2. “These chemicals aren’t safe.” Properly prepared sunscreens are tested rigorously by the FDA, tests which are incredibly expensive to have conducted. I’m not so naïve that I believe the FDA never approves anything which is unsafe, but in the matter of sunscreens, I have yet to see any evidence, anecdotal or empirical, of harm coming to people who use sunscreens responsibly (e.g., not drinking it) or regularly. Bottom line, using sunscreen with all its “chemicals” is far safer than not using it or using untested sunscreen.

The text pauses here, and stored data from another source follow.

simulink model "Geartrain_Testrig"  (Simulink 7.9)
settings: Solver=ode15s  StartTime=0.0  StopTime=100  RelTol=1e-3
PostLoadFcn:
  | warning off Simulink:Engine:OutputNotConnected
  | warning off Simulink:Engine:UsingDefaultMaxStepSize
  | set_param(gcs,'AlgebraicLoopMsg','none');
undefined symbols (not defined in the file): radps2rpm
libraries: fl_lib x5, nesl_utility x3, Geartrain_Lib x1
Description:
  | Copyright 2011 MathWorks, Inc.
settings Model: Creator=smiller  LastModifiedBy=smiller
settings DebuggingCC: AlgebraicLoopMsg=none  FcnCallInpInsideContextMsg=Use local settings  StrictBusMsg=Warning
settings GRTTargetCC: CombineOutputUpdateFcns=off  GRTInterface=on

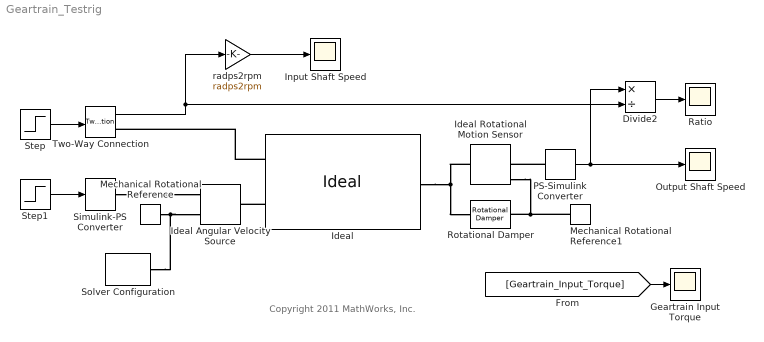
== system Geartrain_Testrig ==
  note: Copyright 2011 MathWorks, Inc.
  Divide2 : Product  Inputs=*/
  Geartrain Input Torque : Scope
      settings: TimeRange=100  YMin=83  YMax=85.5
  Ideal : Geartrain_Lib/Ideal  SystemSampleTime=-1
  Ideal Angular Velocity Source : fl_lib/Mechanical/Mechanical Sources/Ideal Angular Velocity Source  w_Log=off  t_Log=off  LocalVarNames=|w|t  LocalVarDescs=|w|t  LocalVarLogging=[0 0]
  Ideal Rotational Motion Sensor : fl_lib/Mechanical/Mechanical Sensors/Ideal Rotational Motion Sensor  offset=0 rad  w_Log=off  t_Log=off  phi_Log=off  LocalVarNames=|w|t|phi  LocalVarDescs=|w|t|phi  LocalVarLogging=[0 0 0]
  Input Shaft Speed : Scope
      settings: TimeRange=100  YMin=8.5  YMax=11  SaveName=ScopeData6
  Mechanical Rotational Reference : fl_lib/Mechanical/Rotational Elements/Mechanical Rotational Reference  t_Log=off  LocalVarNames=|t  LocalVarDescs=|t  LocalVarLogging=0
  Mechanical Rotational Reference1 : fl_lib/Mechanical/Rotational Elements/Mechanical Rotational Reference  t_Log=off  LocalVarNames=|t  LocalVarDescs=|t  LocalVarLogging=0
  Output Shaft Speed : Scope
      settings: TimeRange=100  YMin=83  YMax=85.5
  PS-Simulink Converter : nesl_utility/PS-Simulink Converter  PhysicalDomain=network_engine_domain  LeftPortType=input  RightPortType=output  SubClassName=ps_output  Unit=1  AffineConversion=off
  Ratio : Scope
      settings: TimeRange=100  YMin=83  YMax=85.5  SaveName=ScopeData5
  Rotational Damper : fl_lib/Mechanical/Rotational Elements/Rotational Damper  D=100 N*m/(rad/s)  t_Log=off  w_Log=off  LocalVarNames=|t|w  LocalVarDescs=|t|w  LocalVarLogging=[0 0]
  Simulink-PS Converter : nesl_utility/Simulink-PS Converter  PhysicalDomain=network_engine_domain  LeftPortType=input  RightPortType=output  SubClassName=ps_input  Unit=1  AffineConversion=off  InputFilterTimeConstant=.001  UdotUserProvided=0  SimscapeFilterOrder=1  InputFiltering=off
  Solver Configuration : nesl_utility/Solver Configuration  PhysicalDomain=network_engine_domain  LeftPortType=input  RightPortType=generic  SubClassName=solver  UseCustomDae=off  DoDC=off  ResidualTolerance=1e-9  UseLocalSolver=off  LocalSolverChoice=NE_BACKWARD_EULER_ADVANCER  LocalSolverSampleTime=.001  DoFixedCost=off  MaxNonlinIter=3  MaxModeIter=2  LinearAlgebra=Sparse  Accelerate=off  Profile=off  UseLocalSampling=off  DelaysMemoryBudget=1024
  Step : Step  Time=5  Before=1  After=0  SampleTime=0
  Step1 : Step  SampleTime=0
  Two-Way Connection : TwoWayConnection
  radps2rpm : Gain  Gain=radps2rpm
  wires:
  Divide2/1 -> Ratio/1
  PS-Simulink Converter/1 -> Divide2/1, Output Shaft Speed/1
  Two-Way Connection/1 -> radps2rpm/1, Divide2/2
  radps2rpm/1 -> Input Shaft Speed/1
  Step/1 -> Two-Way Connection/1
  Step1/1 -> Simulink-PS Converter/1
  [Geartrain_Input_Torque] -> Geartrain Input Torque/1
  connections:
  Ideal/LConn1 -- Two-Way Connection/RConn1
  Simulink-PS Converter/RConn1 -- Ideal Angular Velocity Source/RConn1
  Mechanical Rotational Reference/LConn1 -- Ideal Angular Velocity Source/RConn2 -- Solver Configuration/RConn1
  Mechanical Rotational Reference1/LConn1 -- Rotational Damper/RConn1 -- Ideal Rotational Motion Sensor/RConn1
  Ideal/RConn1 -- Ideal Rotational Motion Sensor/LConn1 -- Rotational Damper/LConn1
  PS-Simulink Converter/LConn1 -- Ideal Rotational Motion Sensor/RConn2
  Ideal/LConn2 -- Ideal Angular Velocity Source/LConn1
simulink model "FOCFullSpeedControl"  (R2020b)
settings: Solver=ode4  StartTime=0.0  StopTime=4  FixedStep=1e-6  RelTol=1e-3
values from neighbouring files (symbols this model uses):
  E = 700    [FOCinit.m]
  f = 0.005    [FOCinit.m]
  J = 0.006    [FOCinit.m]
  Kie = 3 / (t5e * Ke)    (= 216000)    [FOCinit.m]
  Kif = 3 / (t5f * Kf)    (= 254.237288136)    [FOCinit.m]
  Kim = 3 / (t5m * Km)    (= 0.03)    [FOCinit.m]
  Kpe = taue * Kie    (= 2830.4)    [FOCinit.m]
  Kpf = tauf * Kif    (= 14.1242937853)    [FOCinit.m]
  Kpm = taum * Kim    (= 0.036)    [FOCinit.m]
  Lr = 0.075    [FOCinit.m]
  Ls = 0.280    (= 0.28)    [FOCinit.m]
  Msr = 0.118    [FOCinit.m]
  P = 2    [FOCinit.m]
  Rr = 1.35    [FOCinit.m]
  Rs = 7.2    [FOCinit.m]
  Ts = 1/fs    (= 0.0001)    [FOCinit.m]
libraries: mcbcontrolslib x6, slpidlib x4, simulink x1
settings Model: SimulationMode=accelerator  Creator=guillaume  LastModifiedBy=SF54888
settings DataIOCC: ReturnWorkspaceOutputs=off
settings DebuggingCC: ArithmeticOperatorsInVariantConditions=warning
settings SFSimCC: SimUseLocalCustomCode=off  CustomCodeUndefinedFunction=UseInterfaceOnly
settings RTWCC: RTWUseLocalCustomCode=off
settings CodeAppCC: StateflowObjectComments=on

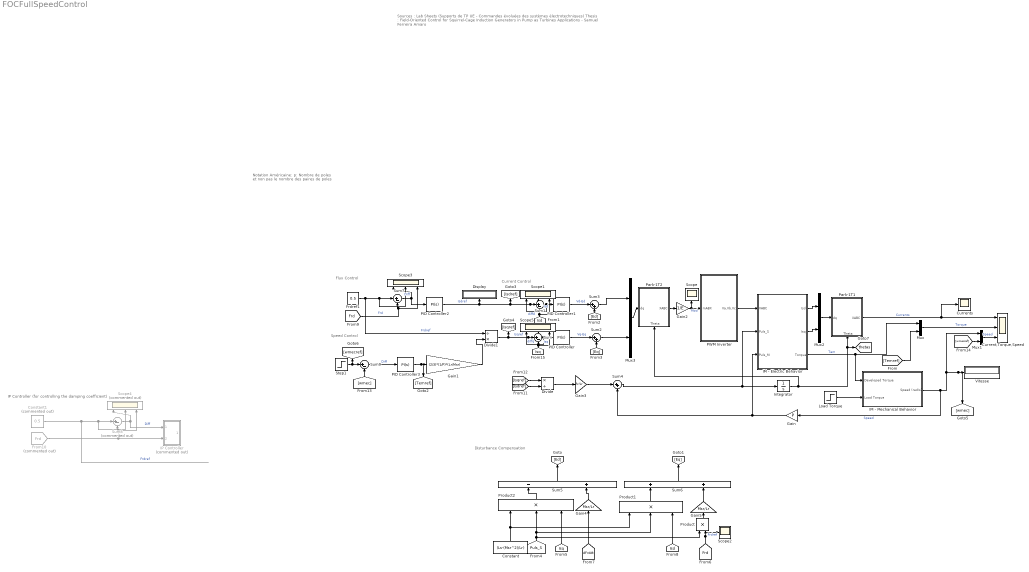
== system FOCFullSpeedControl ==
  note: Sources :
      | Lab Sheets (Supports de TP UE - Commandes évoluées des systèmes électrotechniques)
      | Thesis : Field-Oriented Control for Squirrel-Cage Induction Generators in Pump as Turbines Applications - Samuel Ferreira Amaro
  note: Notation Américaine:
      | p: Nombre de poles et
      | non pas le nombre des paires de poles
  note: Current Control
  note: Disturbance Compensation
  note: Speed Control
  note: IP Controller (for controlling the damping coefficient)
  note: Flux Control
  Constant : Constant  Value=(Ls-(Msr^2)/Lr)
  Constant1 : Constant  Commented=on  Value=0.5
  Current,Torque,Speed : Scope  NumInputPorts=3
  Currents : Scope
  Display : Display
  Divide : Product  Inputs=*/
  Divide1 : Product  Inputs=/*
  Frdref1 : Constant  Value=0.5
  From10 : From  Commented=on  GotoTag=Frd  TagVisibility=global
  Gain : Gain  Gain=P
  Gain1 : Gain  Gain=(2/3)*(1/P)*(Lr/Msr)
  Gain2 : Gain  Gain=1/E
  Gain3 : Gain  Gain=Rr/Lr
  Gain4 : Gain  Gain=Msr/Lr
  Gain5 : Gain  Gain=Msr/Lr
  IM - Electric Behavior : Subsystem
  IM - Mechanical Behavior : Subsystem
  IP Controller : Subsystem  Commented=on
  Integrator : Integrator
  Load Torque : Step  Time=2  After=0.5  SampleTime=0
  Mux{,1..3} (4 alike) : Mux  Inputs=2
  PID Controller : slpidlib/PID Controller  Controller=PI  Form=Parallel  TimeDomain=Continuous-time  UseExternalTs=off  SampleTime=-1  IntegratorMethod=Forward Euler  FilterMethod=Forward Euler  ControllerParametersSource=internal  P=Kpe  I=Kie  D=0  UseFilter=on  N=100  TunerSelectOption=Transfer Function Based (PID Tuner App)  InitialConditionSource=internal  InitialConditionForIntegrator=0  InitialConditionForFilter=0  DifferentiatorICPrevScaledInput=0  ExternalReset=none  TrackingMode=off  Kt=1  LimitOutput=off  SatLimitsSource=internal  UpperSaturationLimit=inf  LowerSaturationLimit=-inf  LinearizeAsGain=on  AntiWindupMode=none  Kb=1  POutMin=[]  POutMax=[]  IOutMin=[]  IOutMax=[]  DOutMin=[]  DOutMax=[]  NOutMin=[]  NOutMax=[]  SumOutMin=[]  SumOutMax=[]  SaturationOutMin=[]  SaturationOutMax=[]  PParamMin=[]  PParamMax=[]  IParamMin=[]  IParamMax=[]  DParamMin=[]  DParamMax=[]  NParamMin=[]  NParamMax=[]  KbParamMin=[]  KbParamMax=[]  KtParamMin=[]  KtParamMax=[]  KbOutMin=[]  KbOutMax=[]  KtOutMin=[]  KtOutMax=[]  IntegratorOutMin=[]  IntegratorOutMax=[]  FilterOutMin=[]  FilterOutMax=[]  SumI1OutMin=[]  SumI1OutMax=[]  SumI2OutMin=[]  SumI2OutMax=[]  SumI3OutMin=[]  SumI3OutMax=[]  SumI4OutMin=[]  SumI4OutMax=[]  SumDOutMin=[]  SumDOutMax=[]  DifferentiatorOutMin=[]  DifferentiatorOutMax=[]  FilterDiffOutCoefMin=[]  FilterDiffOutCoefMax=[]  ReciprocalOutMin=[]  ReciprocalOutMax=[]  SumDenOutMin=[]  SumDenOutMax=[]  SumNumOutMin=[]  SumNumOutMax=[]  DivideOutMin=[]  DivideOutMax=[]  UdiffTsProdOutMin=[]  UdiffTsProdOutMax=[]  NTsProdOutMin=[]  NTsProdOutMax=[]  UintegralTsProdOutMin=[]  UintegralTsProdOutMax=[]  UngainTsProdOutMin=[]  UngainTsProdOutMax=[]  IntegratorContinuousStateAttributes=''  IntegratorStateMustResolveToSignalObject=off  IntegratorRTWStateStorageClass=Auto  FilterContinuousStateAttributes=''  FilterStateMustResolveToSignalObject=off  FilterRTWStateStorageClass=Auto  ParallelPVariant=InternalParameters  IdealPVariant=Disabled  IVariant=InternalParameters  DVariant=Disabled  IntegratorVariant=Continuous  SatVariant=Disabled  AWVariant=Passthrough  PCopyVariant=Disabled  TRVariant=Disabled  FdbkBlocksVariant=Forward  IdealPFdbkVariant=Disabled  SatFdbkVariant=Disabled  DerivativeFilterVariant=Disabled  NVariant=Disabled  NCopyVariant=Disabled_SignalSpec  FilterICVariant=Disabled  IntegratorICVariant=InternalICs  ExternalResetVariant=Disabled  TRSumVariant=Passthrough  SumFdbkVariant=Disabled  SumVariant=Sum_PI  TsampFilterVariant=InternalTs  TsampNgainVariant=Passthrough  TsampIntegralVariant=Passthrough  ExternalSaturationOutDataTypeStr=Inherit: Same as second input
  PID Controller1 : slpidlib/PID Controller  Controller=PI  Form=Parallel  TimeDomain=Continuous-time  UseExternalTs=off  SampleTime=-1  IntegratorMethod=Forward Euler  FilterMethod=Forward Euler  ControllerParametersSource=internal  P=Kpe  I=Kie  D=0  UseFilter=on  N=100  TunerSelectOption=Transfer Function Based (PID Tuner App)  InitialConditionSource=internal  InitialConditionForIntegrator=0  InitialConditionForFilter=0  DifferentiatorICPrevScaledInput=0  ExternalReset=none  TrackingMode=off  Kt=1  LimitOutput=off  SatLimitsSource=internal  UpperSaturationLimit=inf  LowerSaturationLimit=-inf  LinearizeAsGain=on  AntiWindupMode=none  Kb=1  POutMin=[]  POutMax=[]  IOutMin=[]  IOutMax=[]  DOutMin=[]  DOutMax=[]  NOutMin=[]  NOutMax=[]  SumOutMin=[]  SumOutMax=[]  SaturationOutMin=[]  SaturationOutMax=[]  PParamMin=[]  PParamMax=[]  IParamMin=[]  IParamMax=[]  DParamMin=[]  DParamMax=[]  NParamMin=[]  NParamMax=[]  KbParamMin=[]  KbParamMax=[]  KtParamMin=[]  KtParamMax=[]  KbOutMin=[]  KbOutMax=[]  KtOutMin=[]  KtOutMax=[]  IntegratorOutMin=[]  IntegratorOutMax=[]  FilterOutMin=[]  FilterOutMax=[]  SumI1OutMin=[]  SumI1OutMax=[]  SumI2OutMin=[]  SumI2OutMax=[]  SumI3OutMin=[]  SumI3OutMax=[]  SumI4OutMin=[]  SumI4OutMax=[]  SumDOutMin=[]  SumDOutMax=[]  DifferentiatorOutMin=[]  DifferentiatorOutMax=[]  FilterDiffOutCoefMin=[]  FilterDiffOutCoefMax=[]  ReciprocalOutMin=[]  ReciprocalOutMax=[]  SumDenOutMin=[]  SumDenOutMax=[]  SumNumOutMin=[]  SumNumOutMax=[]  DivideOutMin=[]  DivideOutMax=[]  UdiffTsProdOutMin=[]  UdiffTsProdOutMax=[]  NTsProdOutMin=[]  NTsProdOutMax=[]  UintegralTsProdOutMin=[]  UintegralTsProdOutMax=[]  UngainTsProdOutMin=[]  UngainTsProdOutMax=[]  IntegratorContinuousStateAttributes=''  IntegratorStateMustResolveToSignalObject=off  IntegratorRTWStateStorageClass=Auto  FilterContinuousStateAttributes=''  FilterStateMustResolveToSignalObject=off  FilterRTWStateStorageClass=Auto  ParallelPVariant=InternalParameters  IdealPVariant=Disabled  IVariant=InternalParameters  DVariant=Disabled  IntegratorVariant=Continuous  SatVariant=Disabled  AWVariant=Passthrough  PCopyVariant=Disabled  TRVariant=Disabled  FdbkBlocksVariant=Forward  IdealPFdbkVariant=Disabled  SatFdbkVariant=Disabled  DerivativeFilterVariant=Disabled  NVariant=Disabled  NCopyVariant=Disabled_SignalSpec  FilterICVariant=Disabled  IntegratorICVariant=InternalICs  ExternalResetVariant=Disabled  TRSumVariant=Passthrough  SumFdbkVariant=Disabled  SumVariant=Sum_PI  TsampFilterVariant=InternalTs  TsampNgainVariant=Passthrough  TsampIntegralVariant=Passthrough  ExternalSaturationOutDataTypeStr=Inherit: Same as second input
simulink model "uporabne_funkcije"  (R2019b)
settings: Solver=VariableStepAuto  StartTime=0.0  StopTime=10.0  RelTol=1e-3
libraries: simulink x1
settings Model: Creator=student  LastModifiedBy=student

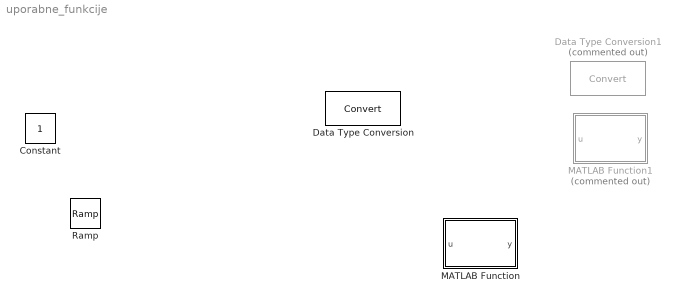
== system uporabne_funkcije ==
  Constant : Constant
  Data Type Conversion : DataTypeConversion
  Data Type Conversion1 : DataTypeConversion  Commented=on
  MATLAB Function : MATLAB Function  TreatAsAtomicUnit=on
  MATLAB Function1 : MATLAB Function  Commented=on  TreatAsAtomicUnit=on
  Ramp : simulink/Sources/Ramp  slope=1  start=0  InitialOutput=0

== matlab function uporabne_funkcije/MATLAB Function1 ==
  data: u input; y output
function y = fcn(u)

y = u;

== matlab function uporabne_funkcije/MATLAB Function ==
  data: u input; y output
function y = fcn(u)

y = u;

3. “Those chemicals killed laboratory rats.” Do you remember saccharine? It was the artificial sweetener of the 70s and 80s. And on each pink packet, there was the warning, “This product has been known to cause cancer in laboratory animals.” Great scare tactic! When people started digging deeper into this, they discovered that the labs were basically overdosing rats on the stuff, injecting them with far greater amounts than even the most ardent Tab drinker was likely to consume. (As an aside, I found it interesting that, when I was pregnant in the early 2000s, saccharine was the only artificial sweetener universally considered “safe” for fetuses.) The individual chemicals in sunscreens are tested similarly, though finished sunscreen is tested only on voluntary human subjects.
So, if commercially manufactured, FDA tested sunscreens are generally recognized as safe, why do makers willingly put people at risk by marketing handcrafted, all natural sunscreens? They’re banking on fear and ignorance. I’ve seen makers do this, though the ones I know personally aren’t doing it out of malice. They’re just passionate about their products and their all-natural niche, and they want to offer an alternative to their customers. Unfortunately, this is a terribly dangerous practice that is spreading, despite the FDA firing off warning after warning to small, independent manufacturers for selling untested drugs and making drug claims.
If you haven’t seen it, yet, I posted a link to a video this morning to my page that examines the dangers of handmade sunscreen pretty thoroughly. It’s several minutes long and easy to understand, even if, like me, Biochemistry isn’t your second language.
Given a choice, do you prefer having your drugs on your body, or in your body?